Seeing Ziggy on the evening of Trump’s assassination attempt exacerbated the stark contrast between the rhetoric of love and the rhetoric of disdain and contempt. And it’s obvious. Following the events of July 13, both parties have called for cooling these cries of hatred and disdain, however, it doesn’t appear we’re sticking with it.
But perhaps Charlie Chaplin is right. Perhaps “we don’t want to hate and despise one another.” If that’s the case, how do we get this message across? How can we change the apocalyptic rhetoric that is turning us into enemies. Abraham Lincoln, whose life was lost to gun violence during the most vitriolic time in our nation’s history, said, “We are not enemies, but friends. We must not be enemies. Though passion may have strained, it must not break our bonds of affection. The mystic chords of memory will swell when again touched, as surely they will be by the better angels of our nature.” We seem to be getting further away from this message with each election year.
We are heeding different calls and have different leaders to follow.

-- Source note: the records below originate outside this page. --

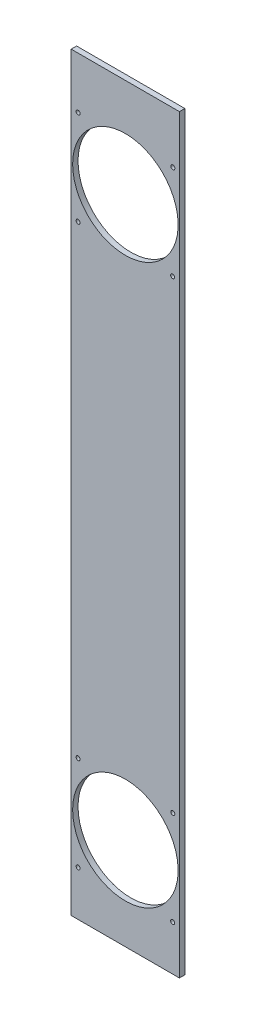
ISO-10303-21;
HEADER;
FILE_DESCRIPTION(('STEP AP214'),'2;1');
FILE_NAME('part.step','',(''),(''),'','','');
FILE_SCHEMA(('AUTOMOTIVE_DESIGN { 1 0 10303 214 1 1 1 1 }'));
ENDSEC;
DATA;
#1=APPLICATION_CONTEXT('core data for automotive mechanical design processes');
#2=APPLICATION_PROTOCOL_DEFINITION('international standard','automotive_design',2000,#1);
#3=PRODUCT_CONTEXT('',#1,'mechanical');
#4=PRODUCT('Part','Part','',(#3));
#5=PRODUCT_RELATED_PRODUCT_CATEGORY('part','',(#4));
#6=PRODUCT_DEFINITION_FORMATION('','',#4);
#7=PRODUCT_DEFINITION_CONTEXT('part definition',#1,'design');
#8=PRODUCT_DEFINITION('design','',#6,#7);
#9=PRODUCT_DEFINITION_SHAPE('','',#8);
#10=(LENGTH_UNIT() NAMED_UNIT(*) SI_UNIT(.MILLI.,.METRE.));
#11=(NAMED_UNIT(*) PLANE_ANGLE_UNIT() SI_UNIT($,.RADIAN.));
#12=(NAMED_UNIT(*) SI_UNIT($,.STERADIAN.) SOLID_ANGLE_UNIT());
#13=UNCERTAINTY_MEASURE_WITH_UNIT(LENGTH_MEASURE(1.E-05),#10,'distance_accuracy_value','');
#14=(GEOMETRIC_REPRESENTATION_CONTEXT(3) GLOBAL_UNCERTAINTY_ASSIGNED_CONTEXT((#13)) GLOBAL_UNIT_ASSIGNED_CONTEXT((#10,
#11,#12)) REPRESENTATION_CONTEXT('',''));
#15=CARTESIAN_POINT('',(0.,0.,0.));
#16=DIRECTION('',(0.,0.,1.));
#17=DIRECTION('',(1.,0.,0.));
#18=AXIS2_PLACEMENT_3D('',#15,#16,#17);
#19=CARTESIAN_POINT('',(60.,-416.,6.));
#20=DIRECTION('',(-1.,0.,0.));
#21=DIRECTION('',(0.,0.,1.));
#22=AXIS2_PLACEMENT_3D('',#19,#20,#21);
#23=PLANE('',#22);
#24=DIRECTION('',(0.,1.,0.));
#25=VECTOR('',#24,1.);
#26=CARTESIAN_POINT('',(60.,-416.,0.));
#27=LINE('',#26,#25);
#28=CARTESIAN_POINT('',(60.,-416.,0.));
#29=VERTEX_POINT('',#28);
#30=CARTESIAN_POINT('',(60.,416.,0.));
#31=VERTEX_POINT('',#30);
#32=EDGE_CURVE('E96',#29,#31,#27,.T.);
#33=ORIENTED_EDGE('',*,*,#32,.T.);
#34=DIRECTION('',(0.,0.,-1.));
#35=VECTOR('',#34,1.);
#36=CARTESIAN_POINT('',(60.,416.,6.));
#37=LINE('',#36,#35);
#38=CARTESIAN_POINT('',(60.,416.,6.));
#39=VERTEX_POINT('',#38);
#40=EDGE_CURVE('E11',#39,#31,#37,.T.);
#41=ORIENTED_EDGE('',*,*,#40,.F.);
#42=DIRECTION('',(0.,1.,0.));
#43=VECTOR('',#42,1.);
#44=CARTESIAN_POINT('',(60.,-416.,6.));
#45=LINE('',#44,#43);
#46=CARTESIAN_POINT('',(60.,-416.,6.));
#47=VERTEX_POINT('',#46);
#48=EDGE_CURVE('E84',#47,#39,#45,.T.);
#49=ORIENTED_EDGE('',*,*,#48,.F.);
#50=DIRECTION('',(0.,0.,-1.));
#51=VECTOR('',#50,1.);
#52=CARTESIAN_POINT('',(60.,-416.,6.));
#53=LINE('',#52,#51);
#54=EDGE_CURVE('E92',#47,#29,#53,.T.);
#55=ORIENTED_EDGE('',*,*,#54,.T.);
#56=EDGE_LOOP('',(#33,#41,#49,#55));
#57=FACE_BOUND('',#56,.T.);
#58=ADVANCED_FACE('F33',(#57),#23,.F.);
#59=CARTESIAN_POINT('',(-60.,416.,6.));
#60=DIRECTION('',(0.,-1.,0.));
#61=DIRECTION('',(0.,0.,-1.));
#62=AXIS2_PLACEMENT_3D('',#59,#60,#61);
#63=PLANE('',#62);
#64=DIRECTION('',(-1.,0.,0.));
#65=VECTOR('',#64,1.);
#66=CARTESIAN_POINT('',(-60.,416.,0.));
#67=LINE('',#66,#65);
#68=CARTESIAN_POINT('',(-60.,416.,0.));
#69=VERTEX_POINT('',#68);
#70=EDGE_CURVE('E88',#31,#69,#67,.T.);
#71=ORIENTED_EDGE('',*,*,#70,.T.);
#72=DIRECTION('',(0.,0.,-1.));
#73=VECTOR('',#72,1.);
#74=CARTESIAN_POINT('',(-60.,416.,6.));
#75=LINE('',#74,#73);
#76=CARTESIAN_POINT('',(-60.,416.,6.));
#77=VERTEX_POINT('',#76);
#78=EDGE_CURVE('E41',#77,#69,#75,.T.);
#79=ORIENTED_EDGE('',*,*,#78,.F.);
#80=DIRECTION('',(-1.,0.,0.));
#81=VECTOR('',#80,1.);
#82=CARTESIAN_POINT('',(-60.,416.,6.));
#83=LINE('',#82,#81);
#84=EDGE_CURVE('E79',#39,#77,#83,.T.);
#85=ORIENTED_EDGE('',*,*,#84,.F.);
#86=ORIENTED_EDGE('',*,*,#40,.T.);
#87=EDGE_LOOP('',(#71,#79,#85,#86));
#88=FACE_BOUND('',#87,.T.);
#89=ADVANCED_FACE('F87',(#88),#63,.F.);
#90=CARTESIAN_POINT('',(-60.,-416.,6.));
#91=DIRECTION('',(1.,0.,0.));
#92=DIRECTION('',(0.,0.,-1.));
#93=AXIS2_PLACEMENT_3D('',#90,#91,#92);
#94=PLANE('',#93);
#95=DIRECTION('',(0.,-1.,0.));
#96=VECTOR('',#95,1.);
#97=CARTESIAN_POINT('',(-60.,-416.,0.));
#98=LINE('',#97,#96);
#99=CARTESIAN_POINT('',(-60.,-416.,0.));
#100=VERTEX_POINT('',#99);
#101=EDGE_CURVE('E66',#69,#100,#98,.T.);
#102=ORIENTED_EDGE('',*,*,#101,.T.);
#103=DIRECTION('',(0.,0.,-1.));
#104=VECTOR('',#103,1.);
#105=CARTESIAN_POINT('',(-60.,-416.,6.));
#106=LINE('',#105,#104);
#107=CARTESIAN_POINT('',(-60.,-416.,6.));
#108=VERTEX_POINT('',#107);
#109=EDGE_CURVE('E89',#108,#100,#106,.T.);
#110=ORIENTED_EDGE('',*,*,#109,.F.);
#111=DIRECTION('',(0.,-1.,0.));
#112=VECTOR('',#111,1.);
#113=CARTESIAN_POINT('',(-60.,-416.,6.));
#114=LINE('',#113,#112);
#115=EDGE_CURVE('E82',#77,#108,#114,.T.);
#116=ORIENTED_EDGE('',*,*,#115,.F.);
#117=ORIENTED_EDGE('',*,*,#78,.T.);
#118=EDGE_LOOP('',(#102,#110,#116,#117));
#119=FACE_BOUND('',#118,.T.);
#120=ADVANCED_FACE('F90',(#119),#94,.F.);
#121=CARTESIAN_POINT('',(-60.,-416.,6.));
#122=DIRECTION('',(0.,1.,0.));
#123=DIRECTION('',(0.,0.,1.));
#124=AXIS2_PLACEMENT_3D('',#121,#122,#123);
#125=PLANE('',#124);
#126=DIRECTION('',(1.,0.,0.));
#127=VECTOR('',#126,1.);
#128=CARTESIAN_POINT('',(-60.,-416.,0.));
#129=LINE('',#128,#127);
#130=EDGE_CURVE('E72',#100,#29,#129,.T.);
#131=ORIENTED_EDGE('',*,*,#130,.T.);
#132=ORIENTED_EDGE('',*,*,#54,.F.);
#133=DIRECTION('',(1.,0.,0.));
#134=VECTOR('',#133,1.);
#135=CARTESIAN_POINT('',(-60.,-416.,6.));
#136=LINE('',#135,#134);
#137=EDGE_CURVE('E49',#108,#47,#136,.T.);
#138=ORIENTED_EDGE('',*,*,#137,.F.);
#139=ORIENTED_EDGE('',*,*,#109,.T.);
#140=EDGE_LOOP('',(#131,#132,#138,#139));
#141=FACE_BOUND('',#140,.T.);
#142=ADVANCED_FACE('F104',(#141),#125,.F.);
#143=CARTESIAN_POINT('',(0.,0.,6.));
#144=DIRECTION('',(0.,0.,-1.));
#145=DIRECTION('',(-1.,0.,0.));
#146=AXIS2_PLACEMENT_3D('',#143,#144,#145);
#147=PLANE('',#146);
#148=CARTESIAN_POINT('',(-52.3000000000001,-365.9,6.00000000000001));
#149=DIRECTION('',(0.,0.,-1.));
#150=DIRECTION('',(-1.,0.,0.));
#151=AXIS2_PLACEMENT_3D('',#148,#149,#150);
#152=CIRCLE('',#151,2.24999999999999);
#153=CARTESIAN_POINT('',(-54.5500000000001,-365.9,6.00000000000001));
#154=VERTEX_POINT('',#153);
#155=EDGE_CURVE('E163',#154,#154,#152,.T.);
#156=ORIENTED_EDGE('',*,*,#155,.T.);
#157=EDGE_LOOP('',(#156));
#158=FACE_BOUND('',#157,.T.);
#159=CARTESIAN_POINT('',(-52.3000000000001,-261.1,6.00000000000001));
#160=DIRECTION('',(0.,0.,-1.));
#161=DIRECTION('',(-1.,0.,0.));
#162=AXIS2_PLACEMENT_3D('',#159,#160,#161);
#163=CIRCLE('',#162,2.24999999999999);
#164=CARTESIAN_POINT('',(-54.5500000000001,-261.1,6.00000000000001));
#165=VERTEX_POINT('',#164);
#166=EDGE_CURVE('E157',#165,#165,#163,.T.);
#167=ORIENTED_EDGE('',*,*,#166,.T.);
#168=EDGE_LOOP('',(#167));
#169=FACE_BOUND('',#168,.T.);
#170=CARTESIAN_POINT('',(52.6999999999993,-261.100000000002,6.00000000000001));
#171=DIRECTION('',(0.,0.,-1.));
#172=DIRECTION('',(-1.,0.,0.));
#173=AXIS2_PLACEMENT_3D('',#170,#171,#172);
#174=CIRCLE('',#173,2.24999999999999);
#175=CARTESIAN_POINT('',(50.4499999999993,-261.100000000002,6.00000000000001));
#176=VERTEX_POINT('',#175);
#177=EDGE_CURVE('E151',#176,#176,#174,.T.);
#178=ORIENTED_EDGE('',*,*,#177,.T.);
#179=EDGE_LOOP('',(#178));
#180=FACE_BOUND('',#179,.T.);
#181=CARTESIAN_POINT('',(52.4999999999999,-365.9,6.00000000000001));
#182=DIRECTION('',(0.,0.,-1.));
#183=DIRECTION('',(-1.,0.,0.));
#184=AXIS2_PLACEMENT_3D('',#181,#182,#183);
#185=CIRCLE('',#184,2.24999999999999);
#186=CARTESIAN_POINT('',(50.2499999999999,-365.9,6.00000000000001));
#187=VERTEX_POINT('',#186);
#188=EDGE_CURVE('E145',#187,#187,#185,.T.);
#189=ORIENTED_EDGE('',*,*,#188,.T.);
#190=EDGE_LOOP('',(#189));
#191=FACE_BOUND('',#190,.T.);
#192=CARTESIAN_POINT('',(-52.3000000000001,254.1,6.00000000000001));
#193=DIRECTION('',(0.,0.,-1.));
#194=DIRECTION('',(-1.,0.,0.));
#195=AXIS2_PLACEMENT_3D('',#192,#193,#194);
#196=CIRCLE('',#195,2.24999999999999);
#197=CARTESIAN_POINT('',(-54.5500000000001,254.1,6.00000000000001));
#198=VERTEX_POINT('',#197);
#199=EDGE_CURVE('E139',#198,#198,#196,.T.);
#200=ORIENTED_EDGE('',*,*,#199,.T.);
#201=EDGE_LOOP('',(#200));
#202=FACE_BOUND('',#201,.T.);
#203=CARTESIAN_POINT('',(-52.3000000000001,358.9,6.00000000000001));
#204=DIRECTION('',(0.,0.,-1.));
#205=DIRECTION('',(-1.,0.,0.));
#206=AXIS2_PLACEMENT_3D('',#203,#204,#205);
#207=CIRCLE('',#206,2.24999999999999);
#208=CARTESIAN_POINT('',(-54.5500000000001,358.9,6.00000000000001));
#209=VERTEX_POINT('',#208);
#210=EDGE_CURVE('E133',#209,#209,#207,.T.);
#211=ORIENTED_EDGE('',*,*,#210,.T.);
#212=EDGE_LOOP('',(#211));
#213=FACE_BOUND('',#212,.T.);
#214=CARTESIAN_POINT('',(52.6999999999993,358.899999999998,6.00000000000001));
#215=DIRECTION('',(0.,0.,-1.));
#216=DIRECTION('',(-1.,0.,0.));
#217=AXIS2_PLACEMENT_3D('',#214,#215,#216);
#218=CIRCLE('',#217,2.24999999999999);
#219=CARTESIAN_POINT('',(50.4499999999993,358.899999999998,6.00000000000001));
#220=VERTEX_POINT('',#219);
#221=EDGE_CURVE('E127',#220,#220,#218,.T.);
#222=ORIENTED_EDGE('',*,*,#221,.T.);
#223=EDGE_LOOP('',(#222));
#224=FACE_BOUND('',#223,.T.);
#225=CARTESIAN_POINT('',(52.4999999999999,254.1,6.00000000000001));
#226=DIRECTION('',(0.,0.,-1.));
#227=DIRECTION('',(-1.,0.,0.));
#228=AXIS2_PLACEMENT_3D('',#225,#226,#227);
#229=CIRCLE('',#228,2.24999999999999);
#230=CARTESIAN_POINT('',(50.2499999999999,254.1,6.00000000000001));
#231=VERTEX_POINT('',#230);
#232=EDGE_CURVE('E121',#231,#231,#229,.T.);
#233=ORIENTED_EDGE('',*,*,#232,.T.);
#234=EDGE_LOOP('',(#233));
#235=FACE_BOUND('',#234,.T.);
#236=CARTESIAN_POINT('',(0.100000000000013,-313.5,6.));
#237=DIRECTION('',(0.,0.,-1.));
#238=DIRECTION('',(-1.,0.,0.));
#239=AXIS2_PLACEMENT_3D('',#236,#237,#238);
#240=CIRCLE('',#239,58.5);
#241=CARTESIAN_POINT('',(-58.4,-313.5,6.));
#242=VERTEX_POINT('',#241);
#243=EDGE_CURVE('E115',#242,#242,#240,.T.);
#244=ORIENTED_EDGE('',*,*,#243,.T.);
#245=EDGE_LOOP('',(#244));
#246=FACE_BOUND('',#245,.T.);
#247=CARTESIAN_POINT('',(0.100000000000013,306.5,6.));
#248=DIRECTION('',(0.,0.,-1.));
#249=DIRECTION('',(-1.,0.,0.));
#250=AXIS2_PLACEMENT_3D('',#247,#248,#249);
#251=CIRCLE('',#250,58.5);
#252=CARTESIAN_POINT('',(-58.4,306.5,6.));
#253=VERTEX_POINT('',#252);
#254=EDGE_CURVE('E99',#253,#253,#251,.T.);
#255=ORIENTED_EDGE('',*,*,#254,.T.);
#256=EDGE_LOOP('',(#255));
#257=FACE_BOUND('',#256,.T.);
#258=ORIENTED_EDGE('',*,*,#48,.T.);
#259=ORIENTED_EDGE('',*,*,#84,.T.);
#260=ORIENTED_EDGE('',*,*,#115,.T.);
#261=ORIENTED_EDGE('',*,*,#137,.T.);
#262=EDGE_LOOP('',(#258,#259,#260,#261));
#263=FACE_BOUND('',#262,.T.);
#264=ADVANCED_FACE('F80',(#158,#169,#180,#191,#202,#213,#224,#235,#246,#257,#263),#147,.F.);
#265=CARTESIAN_POINT('',(0.,0.,0.));
#266=DIRECTION('',(0.,0.,-1.));
#267=DIRECTION('',(-1.,0.,0.));
#268=AXIS2_PLACEMENT_3D('',#265,#266,#267);
#269=PLANE('',#268);
#270=CARTESIAN_POINT('',(-52.3000000000001,-365.9,0.));
#271=DIRECTION('',(0.,0.,-1.));
#272=DIRECTION('',(-1.,0.,0.));
#273=AXIS2_PLACEMENT_3D('',#270,#271,#272);
#274=CIRCLE('',#273,2.24999999999999);
#275=CARTESIAN_POINT('',(-54.5500000000001,-365.9,0.));
#276=VERTEX_POINT('',#275);
#277=EDGE_CURVE('E166',#276,#276,#274,.T.);
#278=ORIENTED_EDGE('',*,*,#277,.F.);
#279=EDGE_LOOP('',(#278));
#280=FACE_BOUND('',#279,.T.);
#281=CARTESIAN_POINT('',(-52.3000000000001,-261.1,0.));
#282=DIRECTION('',(0.,0.,-1.));
#283=DIRECTION('',(-1.,0.,0.));
#284=AXIS2_PLACEMENT_3D('',#281,#282,#283);
#285=CIRCLE('',#284,2.24999999999999);
#286=CARTESIAN_POINT('',(-54.5500000000001,-261.1,0.));
#287=VERTEX_POINT('',#286);
#288=EDGE_CURVE('E160',#287,#287,#285,.T.);
#289=ORIENTED_EDGE('',*,*,#288,.F.);
#290=EDGE_LOOP('',(#289));
#291=FACE_BOUND('',#290,.T.);
#292=CARTESIAN_POINT('',(52.6999999999993,-261.100000000002,0.));
#293=DIRECTION('',(0.,0.,-1.));
#294=DIRECTION('',(-1.,0.,0.));
#295=AXIS2_PLACEMENT_3D('',#292,#293,#294);
#296=CIRCLE('',#295,2.24999999999999);
#297=CARTESIAN_POINT('',(50.4499999999993,-261.100000000002,0.));
#298=VERTEX_POINT('',#297);
#299=EDGE_CURVE('E154',#298,#298,#296,.T.);
#300=ORIENTED_EDGE('',*,*,#299,.F.);
#301=EDGE_LOOP('',(#300));
#302=FACE_BOUND('',#301,.T.);
#303=CARTESIAN_POINT('',(52.4999999999999,-365.9,0.));
#304=DIRECTION('',(0.,0.,-1.));
#305=DIRECTION('',(-1.,0.,0.));
#306=AXIS2_PLACEMENT_3D('',#303,#304,#305);
#307=CIRCLE('',#306,2.24999999999999);
#308=CARTESIAN_POINT('',(50.2499999999999,-365.9,0.));
#309=VERTEX_POINT('',#308);
#310=EDGE_CURVE('E148',#309,#309,#307,.T.);
#311=ORIENTED_EDGE('',*,*,#310,.F.);
#312=EDGE_LOOP('',(#311));
#313=FACE_BOUND('',#312,.T.);
#314=CARTESIAN_POINT('',(-52.3000000000001,254.1,0.));
#315=DIRECTION('',(0.,0.,-1.));
#316=DIRECTION('',(-1.,0.,0.));
#317=AXIS2_PLACEMENT_3D('',#314,#315,#316);
#318=CIRCLE('',#317,2.24999999999999);
#319=CARTESIAN_POINT('',(-54.5500000000001,254.1,0.));
#320=VERTEX_POINT('',#319);
#321=EDGE_CURVE('E142',#320,#320,#318,.T.);
#322=ORIENTED_EDGE('',*,*,#321,.F.);
#323=EDGE_LOOP('',(#322));
#324=FACE_BOUND('',#323,.T.);
#325=CARTESIAN_POINT('',(-52.3000000000001,358.9,0.));
#326=DIRECTION('',(0.,0.,-1.));
#327=DIRECTION('',(-1.,0.,0.));
#328=AXIS2_PLACEMENT_3D('',#325,#326,#327);
#329=CIRCLE('',#328,2.24999999999999);
#330=CARTESIAN_POINT('',(-54.5500000000001,358.9,0.));
#331=VERTEX_POINT('',#330);
#332=EDGE_CURVE('E136',#331,#331,#329,.T.);
#333=ORIENTED_EDGE('',*,*,#332,.F.);
#334=EDGE_LOOP('',(#333));
#335=FACE_BOUND('',#334,.T.);
#336=CARTESIAN_POINT('',(52.6999999999993,358.899999999998,0.));
#337=DIRECTION('',(0.,0.,-1.));
#338=DIRECTION('',(-1.,0.,0.));
#339=AXIS2_PLACEMENT_3D('',#336,#337,#338);
#340=CIRCLE('',#339,2.24999999999999);
#341=CARTESIAN_POINT('',(50.4499999999993,358.899999999998,0.));
#342=VERTEX_POINT('',#341);
#343=EDGE_CURVE('E130',#342,#342,#340,.T.);
#344=ORIENTED_EDGE('',*,*,#343,.F.);
#345=EDGE_LOOP('',(#344));
#346=FACE_BOUND('',#345,.T.);
#347=CARTESIAN_POINT('',(52.4999999999999,254.1,0.));
#348=DIRECTION('',(0.,0.,-1.));
#349=DIRECTION('',(-1.,0.,0.));
#350=AXIS2_PLACEMENT_3D('',#347,#348,#349);
#351=CIRCLE('',#350,2.24999999999999);
#352=CARTESIAN_POINT('',(50.2499999999999,254.1,0.));
#353=VERTEX_POINT('',#352);
#354=EDGE_CURVE('E124',#353,#353,#351,.T.);
#355=ORIENTED_EDGE('',*,*,#354,.F.);
#356=EDGE_LOOP('',(#355));
#357=FACE_BOUND('',#356,.T.);
#358=CARTESIAN_POINT('',(0.100000000000013,-313.5,0.));
#359=DIRECTION('',(0.,0.,-1.));
#360=DIRECTION('',(-1.,0.,0.));
#361=AXIS2_PLACEMENT_3D('',#358,#359,#360);
#362=CIRCLE('',#361,58.5);
#363=CARTESIAN_POINT('',(-58.4,-313.5,0.));
#364=VERTEX_POINT('',#363);
#365=EDGE_CURVE('E118',#364,#364,#362,.T.);
#366=ORIENTED_EDGE('',*,*,#365,.F.);
#367=EDGE_LOOP('',(#366));
#368=FACE_BOUND('',#367,.T.);
#369=CARTESIAN_POINT('',(0.100000000000013,306.5,0.));
#370=DIRECTION('',(0.,0.,-1.));
#371=DIRECTION('',(-1.,0.,0.));
#372=AXIS2_PLACEMENT_3D('',#369,#370,#371);
#373=CIRCLE('',#372,58.5);
#374=CARTESIAN_POINT('',(-58.4,306.5,0.));
#375=VERTEX_POINT('',#374);
#376=EDGE_CURVE('E112',#375,#375,#373,.T.);
#377=ORIENTED_EDGE('',*,*,#376,.F.);
#378=EDGE_LOOP('',(#377));
#379=FACE_BOUND('',#378,.T.);
#380=ORIENTED_EDGE('',*,*,#32,.F.);
#381=ORIENTED_EDGE('',*,*,#130,.F.);
#382=ORIENTED_EDGE('',*,*,#101,.F.);
#383=ORIENTED_EDGE('',*,*,#70,.F.);
#384=EDGE_LOOP('',(#380,#381,#382,#383));
#385=FACE_BOUND('',#384,.T.);
#386=ADVANCED_FACE('F107',(#280,#291,#302,#313,#324,#335,#346,#357,#368,#379,#385),#269,.T.);
#387=CARTESIAN_POINT('',(0.100000000000013,306.5,10.));
#388=DIRECTION('',(0.,0.,-1.));
#389=DIRECTION('',(-1.,0.,0.));
#390=AXIS2_PLACEMENT_3D('',#387,#388,#389);
#391=CYLINDRICAL_SURFACE('',#390,58.5);
#392=ORIENTED_EDGE('',*,*,#376,.T.);
#393=EDGE_LOOP('',(#392));
#394=FACE_BOUND('',#393,.T.);
#395=ORIENTED_EDGE('',*,*,#254,.F.);
#396=EDGE_LOOP('',(#395));
#397=FACE_BOUND('',#396,.T.);
#398=ADVANCED_FACE('F174',(#394,#397),#391,.F.);
#399=CARTESIAN_POINT('',(0.100000000000013,-313.5,10.));
#400=DIRECTION('',(0.,0.,-1.));
#401=DIRECTION('',(-1.,0.,0.));
#402=AXIS2_PLACEMENT_3D('',#399,#400,#401);
#403=CYLINDRICAL_SURFACE('',#402,58.5);
#404=ORIENTED_EDGE('',*,*,#365,.T.);
#405=EDGE_LOOP('',(#404));
#406=FACE_BOUND('',#405,.T.);
#407=ORIENTED_EDGE('',*,*,#243,.F.);
#408=EDGE_LOOP('',(#407));
#409=FACE_BOUND('',#408,.T.);
#410=ADVANCED_FACE('F196',(#406,#409),#403,.F.);
#411=CARTESIAN_POINT('',(52.4999999999999,254.1,0.));
#412=DIRECTION('',(0.,0.,-1.));
#413=DIRECTION('',(-1.,0.,0.));
#414=AXIS2_PLACEMENT_3D('',#411,#412,#413);
#415=CYLINDRICAL_SURFACE('',#414,2.24999999999999);
#416=ORIENTED_EDGE('',*,*,#232,.F.);
#417=EDGE_LOOP('',(#416));
#418=FACE_BOUND('',#417,.T.);
#419=ORIENTED_EDGE('',*,*,#354,.T.);
#420=EDGE_LOOP('',(#419));
#421=FACE_BOUND('',#420,.T.);
#422=ADVANCED_FACE('F244',(#418,#421),#415,.F.);
#423=CARTESIAN_POINT('',(52.6999999999993,358.899999999998,0.));
#424=DIRECTION('',(0.,0.,-1.));
#425=DIRECTION('',(-1.,0.,0.));
#426=AXIS2_PLACEMENT_3D('',#423,#424,#425);
#427=CYLINDRICAL_SURFACE('',#426,2.24999999999999);
#428=ORIENTED_EDGE('',*,*,#221,.F.);
#429=EDGE_LOOP('',(#428));
#430=FACE_BOUND('',#429,.T.);
#431=ORIENTED_EDGE('',*,*,#343,.T.);
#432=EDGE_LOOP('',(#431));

We subscribe to different news silos. We are isolated, choosing the comfort of our interests on our smart phones rather than start a conversation and meet someone new while in public. We need truth, but when truth cannot be agreed upon we are trapped in a vicious cycle, one where there is no agreement, and no leader we all can rally behind. Could that even happen again?
On July 13, in Missoula, it did. We got behind Ziggy, who encouraged us to seek our own path to redemption. He closed with “Personal Revolution,” singing “I don’t like the hypocrisy. Is this democracy? There is no voice for me in your philosophy. Tainted theology. Oh can you save me (who can save me) Who can save me? Revolution.”
What that means differs from person to person, but it starts individually. It starts locally – and it rises. It starts by changing the narrative, by changing the dialogue, just as Ziggy suggests in “World Revolution:”
“Dem talking ’bout world war, we’re talking ’bout world revolution. Dem talking ’bout dropping bombs, we’re talking ’bout a peaceful solution. Dem talking ’bout their old ways, we’re talking ’bout a new generation. Dem talking ’bout world war, we’re talking ’bout world revolution.”
As the show came to a close, I thought again of what my wife said, of her encouragement to stay in the moment, to stay connected to what Ziggy offers. How about we take it one step further? Let’s try to stay in harmony. We can do this each day not by reacting, but by responding, by choosing love. That’s what the 4,000 of us at KettelHouse did as we “stood in the circle of peace,” dancing and celebrating oneness with Ziggy in the Big Sky Country, where he and his band filled us with positive vibrations. This moment can be recaptured. It can be a mantra. Each day is a new day, and we can’t give into cynicism. We can’t be defeated. As Ziggy’s father said, “let’s get together and feel alright.”